When we stumble on the increasingly less rare occurrence of a husband and wife sharing the same musical space, it's a knee jerk reaction to spend more time speculating on interpersonal relationships than on the music that comes from them. Such is our modern obsession with drama and voyeurism. The only way to combat that is, of course, by making something that is bigger than the two of you. For Mario Quintero and wife Sarah, their work together in Spotlights isn't about relationship dynamics or a struggle to be heard. Answering a question that likely comes up more often than not, Mario told Culture Creature, "Luckily, we see things on the same plane and we like all the same kinds of music… There’s just enough differences to keep us pushing the limits a little bit. It’s a lot of fun.” It's there that we find the recurring theme in their latest piece, Tidals.
The duo have their fingerprints - and hands, and feet, and voices - all over every stage of the process, from writing and production, to recording and mixing. As such, the album is molded and crafted in their own vision, a vision they share with one another. There's a resulting comfort in how the album progresses from start to finish, a resounding confidence that each musical movement sounds as it was intended and flows as it should. It's unapologetic in that way, anchoring the often airy nature of its vocals to the steadfast and constant pulse of the instrumental below. Listening to Walls is a daydream come to life, like a kite on a string floating near the clouds but tied to the ground below. It's beautiful in its nuance, particularly when you've reached the four minute mark. The scaled melody rests just behind the guitar and bass, barely audible at times, but each time it breaks through, it's as pure as anything could be.
Maybe that moment, that space in time, is where the album becomes transcendent. From that very spot, there is no looking back. Whether it's the distinctly moody track The Grower, which employs and crackle and fuzz that once made me believe my speakers had finally given up their last hope, or the grunge-laden, bass driven Hover, there isn't a time when you feel as though things have gone off the rails. It grows, expanding beyond the confines of what heavy music is supposed to be, then contracts, suddenly feeling as though it was an album written and performed just for you. It'll seem silly at first, when the hairs on your arms start to stand at attention. Maybe it's just a fluke, a one time response to something breathtaking and unexpected. But it isn't. Each listen is living the song anew. They foster a connection that is harder in 2016 than it was years ago, but is no less meaningful.

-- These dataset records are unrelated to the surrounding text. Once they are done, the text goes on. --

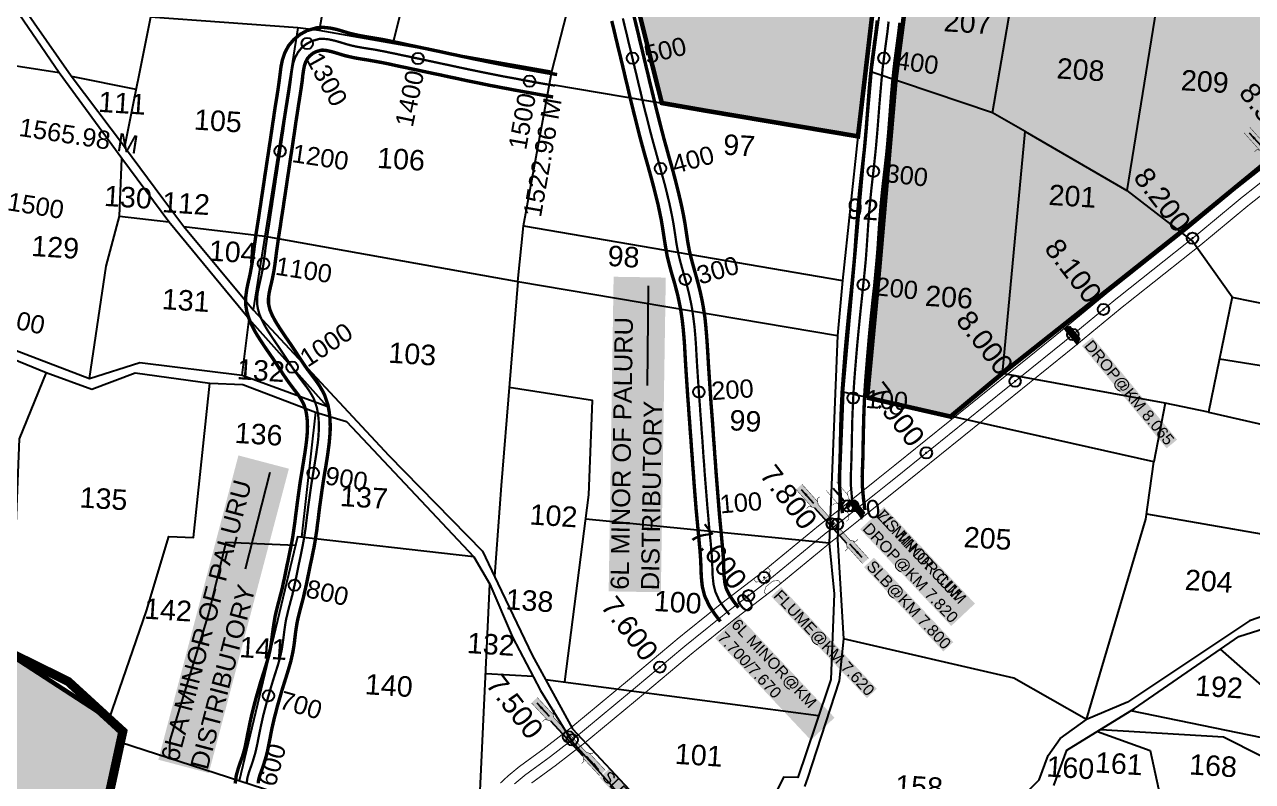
# Model space of a CAD drawing. Header units: inches. Extents: x 201618 to 222325, y 1599056 to 1612709.
# Drawn here: x 204625 to 205704, y 1604549 to 1605214 of the extents above; entities that cross this region are included whole.
import ezdxf
from ezdxf.enums import TextEntityAlignment as Align

# ---------------------------------------------------------------- set-up
doc = ezdxf.new("R2010")
doc.units = ezdxf.units.IN
doc.header["$LTSCALE"] = 15
doc.header["$MEASUREMENT"] = 0
doc.header["$PDMODE"] = 32
doc.header["$PDSIZE"] = 10
doc.linetypes.add('ACAD_ISO02W100', pattern=[15, 12, -3])
doc.linetypes.add('HIDDEN2', pattern=[0.1875, 0.125, -0.0625])
for name, color, linetype in [('CANAL1', 7, 'Continuous'), ('CHANAGE', 1, 'Continuous'), ('CSMark', 72, 'Continuous'), ('PAPER SIZE', 5, 'Continuous'), ('PLOTS', 7, 'Continuous'), ('PLOTS NO', 7, 'Continuous'), ('STRUCTURE', 5, 'Continuous'), ('text2', 7, 'Continuous'), ('VILLAGE BOUNDAY', 5, 'Continuous'), ('WUA-12', 3, 'Continuous')]:
    doc.layers.add(name, color=color, linetype=linetype)
doc.styles.get("Standard").update_dxf_attribs({"font": 'arial.ttf'})
doc.dimstyles.get("Standard").update_dxf_attribs({"dimtxt": 0.18, "dimasz": 0.18, "dimexe": 0.18, "dimexo": 0.0625, "dimgap": 0.09, "dimtad": 0, "dimtih": 1, "dimtoh": 1, "dimdec": 4, "dimzin": 0, "dimdsep": 46, "dimtxsty": 'Standard', "dimcen": 0.09, "dimadec": 0, "dimazin": 0, "dimtfac": 1, "dimtdec": 4, "dimtofl": 0, "dimtmove": 0, "dimatfit": 3, "dimfxl": 1, "dimtolj": 1, "dimtzin": 0, "dimarcsym": 0})

# ---------------------------------------------------------------- blocks, each defined once
blk = doc.blocks.new('DROP')
h = blk.add_hatch()
h.set_pattern_fill('ANSI31', color=1, scale=10, angle=45)
h.set_pattern_definition([(90, (-324.4107, -25.7687), (-1.25, 0), [])])
h.paths.add_polyline_path([(-9.9, -4.3), (-13.8, 4.1), (13.8, 4.1), (10.2, -4.3)])
at = {"layer": 'STRUCTURE', "color": 5, "const_width": 0.49}
blk.add_lwpolyline([(-9.9, -4.3), (-13.8, 4.1), (13.8, 4.1), (10.2, -4.3), (-9.9, -4.3)], dxfattribs=at)
at = {"layer": 'STRUCTURE', "color": 5}
blk.add_circle((0, 0), 1.33, dxfattribs=at)
blk = doc.blocks.new('FLUME')
at = {"layer": 'STRUCTURE'}
for points in [[(-12.6, 11, 0.628, 0.628, 0), (-8.6, 11.2, 0.628, 0.628, 0), (-4.4, 5.4, 0.628, 0.628, 0), (-4, -5.7, 0.628, 0.628, 0), (-7.7, -11.8, 0.628, 0.628, 0), (-11.7, -12, 0, 0, 0)], [(12.6, -11, 0.628, 0.628, 0), (8.6, -11.2, 0.628, 0.628, 0), (4.4, -5.4, 0.628, 0.628, 0), (4, 5.7, 0.628, 0.628, 0), (7.7, 11.8, 0.628, 0.628, 0), (11.7, 12, 0, 0, 0)]]:
    blk.add_lwpolyline(points, format="xyseb", dxfattribs=at)
at = {"layer": 'text2', "color": 2, "linetype": 'Continuous'}
blk.add_circle((0, 0), 1.15, dxfattribs=at)
blk = doc.blocks.new('SLB')
at = {"layer": 'STRUCTURE'}
h = blk.add_hatch(dxfattribs=at)
h.set_pattern_fill('DOTS', color=6, scale=20, angle=320.3722, style=0)
h.set_pattern_definition([(320.372247934, (-159.4327, -72.9564), (1.2786241598, 0.5641323054), [0, -1.25])])
h.paths.add_polyline_path([(769699.5, 1706871.1), (769699.5, 1706861.1), (769729.1, 1706861.1), (769732.1, 1706863.1), (769792.1, 1706863.1), (769795.1, 1706861.1), (769824.7, 1706861.1), (769824.7, 1706871.1), (769795.1, 1706871.1), (769792.1, 1706869.1), (769732.1, 1706869.1), (769729.1, 1706871.1)])
at = {"layer": 'STRUCTURE', "color": 6, "const_width": 0.628}
for points in [[(769726.1, 1706877.1), (769726.1, 1706873.1), (769732.1, 1706869.1), (769792.1, 1706869.1), (769798.1, 1706873.1), (769798.1, 1706877.1)], [(769726.1, 1706855.1), (769726.1, 1706859.1), (769732.1, 1706863.1), (769792.1, 1706863.1), (769798.1, 1706859.1), (769798.1, 1706855.1)]]:
    blk.add_lwpolyline(points, dxfattribs=at)
at = {"layer": 'STRUCTURE', "color": 6, "linetype": 'ACAD_ISO02W100', "ltscale": 0.5, "const_width": 0.5}
for points in [[(769699.5, 1706871.1), (769729.1, 1706871.1)], [(769795.1, 1706871.1), (769824.7, 1706871.1)], [(769699.5, 1706861.1), (769729.1, 1706861.1)], [(769795.1, 1706861.1), (769824.7, 1706861.1)]]:
    blk.add_lwpolyline(points, dxfattribs=at)
at = {"layer": 'STRUCTURE', "color": 6}
blk.add_lwpolyline([(769732.1, 1706863.1), (769792.1, 1706863.1)], dxfattribs=at)
blk.add_lwpolyline([(769732.1, 1706863.1), (769792.1, 1706863.1)], dxfattribs=at)
at = {"layer": 'STRUCTURE', "color": 0}
blk.add_circle((769762.1, 1706866.1), 1.24, dxfattribs=at)
for points in [[(769703.8, 1706866), (769726.7, 1706866)], [(769818.6, 1706865.8), (769795.7, 1706865.8)]]:
    blk.add_leader(points, dimstyle='Standard', override={"dimasz": 10, "dimgap": 0.09, "dimtad": 0}, dxfattribs=at)
blk = doc.blocks.new('OT')
at = {"layer": 'STRUCTURE', "color": 190}
for points, const_width in [([(769775.2, 1706601.8), (769775.2, 1706597.8), (769769.2, 1706593.8), (769761.8, 1706593.8), (769754.4, 1706593.8), (769748.4, 1706597.8), (769748.4, 1706601.8)], 0.5), ([(769751.4, 1706595.8), (769729.4, 1706595.8)], 0.5), ([(769761.8, 1706593.8), (769761.8, 1706581)], 2.5), ([(769751.4, 1706579), (769729.4, 1706579)], 0.5), ([(769748.4, 1706573), (769748.4, 1706577), (769754.4, 1706581), (769761.8, 1706581), (769761.8, 1706581), (769761.8, 1706581), (769769.2, 1706581), (769775.2, 1706577), (769775.2, 1706573)], 0.5)]:
    blk.add_lwpolyline(points, dxfattribs=dict(at, const_width=const_width))
at = {"layer": 'STRUCTURE', "color": 0}
blk.add_circle((769761.8, 1706587.4), 1.87, dxfattribs=at)
blk.add_leader([(769732.6, 1706587.4), (769753.8, 1706587.4)], dimstyle='Standard', override={"dimasz": 10, "dimgap": 0.09, "dimtad": 0}, dxfattribs=at)

msp = doc.modelspace()

# ---------------------------------------------------------------- hatches: boundary and pattern name
at = {"layer": 'PLOTS NO', "true_color": 0xc7c8ca}
h = msp.add_hatch(color=9, dxfattribs=at)
h.dxf.hatch_style = 1
h.paths.add_polyline_path([(204719.4, 1605541.7), (204789.1, 1605682.5), (204812.1, 1605737.4), (204813.4, 1605767.7), (204858.1, 1605870.5), (204894.6, 1605978.6), (204897.7, 1606004.4), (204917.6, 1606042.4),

But on an album that feels like it's full of revelations, it's the album's closing track, Joseph, that makes the world seem much less uncertain. From the flourishes of electronics to the plodding main riff that is split in two by a string bending, high pitched, wailing solo, they flirt with an impossibility, a song that echoes life itself. Quiet, humble beginnings, building to a moment that is as powerful emotionally as it is musically, before it all begins to fade away. It's undoubtedly a personal, purely subjective take on something that won't sound the same way to any of a thousand other listeners. The song isn't a living, breathing, organism, no matter how much it sounds like it could and should be. And that is, among the many other successes on the album, a credit to the very construction of the record itself.
Sufficed to say, I'm not nearly as good at my job as Mario and Sarah Quintero are at theirs. Their music speaks in ways that most never could, and I doubt that's an opinion limited to the Sorrow Eternal family. Those living in The States have likely seen the recent ad campaign for the streaming service Pandora, where music lovers are asked to listen to a song and answer one simple question: "Tell me how this song make you feel." The responses range from tears to pure joy to "short of breath, in a good way." That one ad spot probably says more about Tidals than one or ten or one hundred reviews ever could. It's bold and boisterous, it's soft and malleable, and beautiful beyond beauty. I don't know the recipe for making an album like that come to life, but like a lot of things in the modern musical renaissance, we can look to Brooklyn for answers.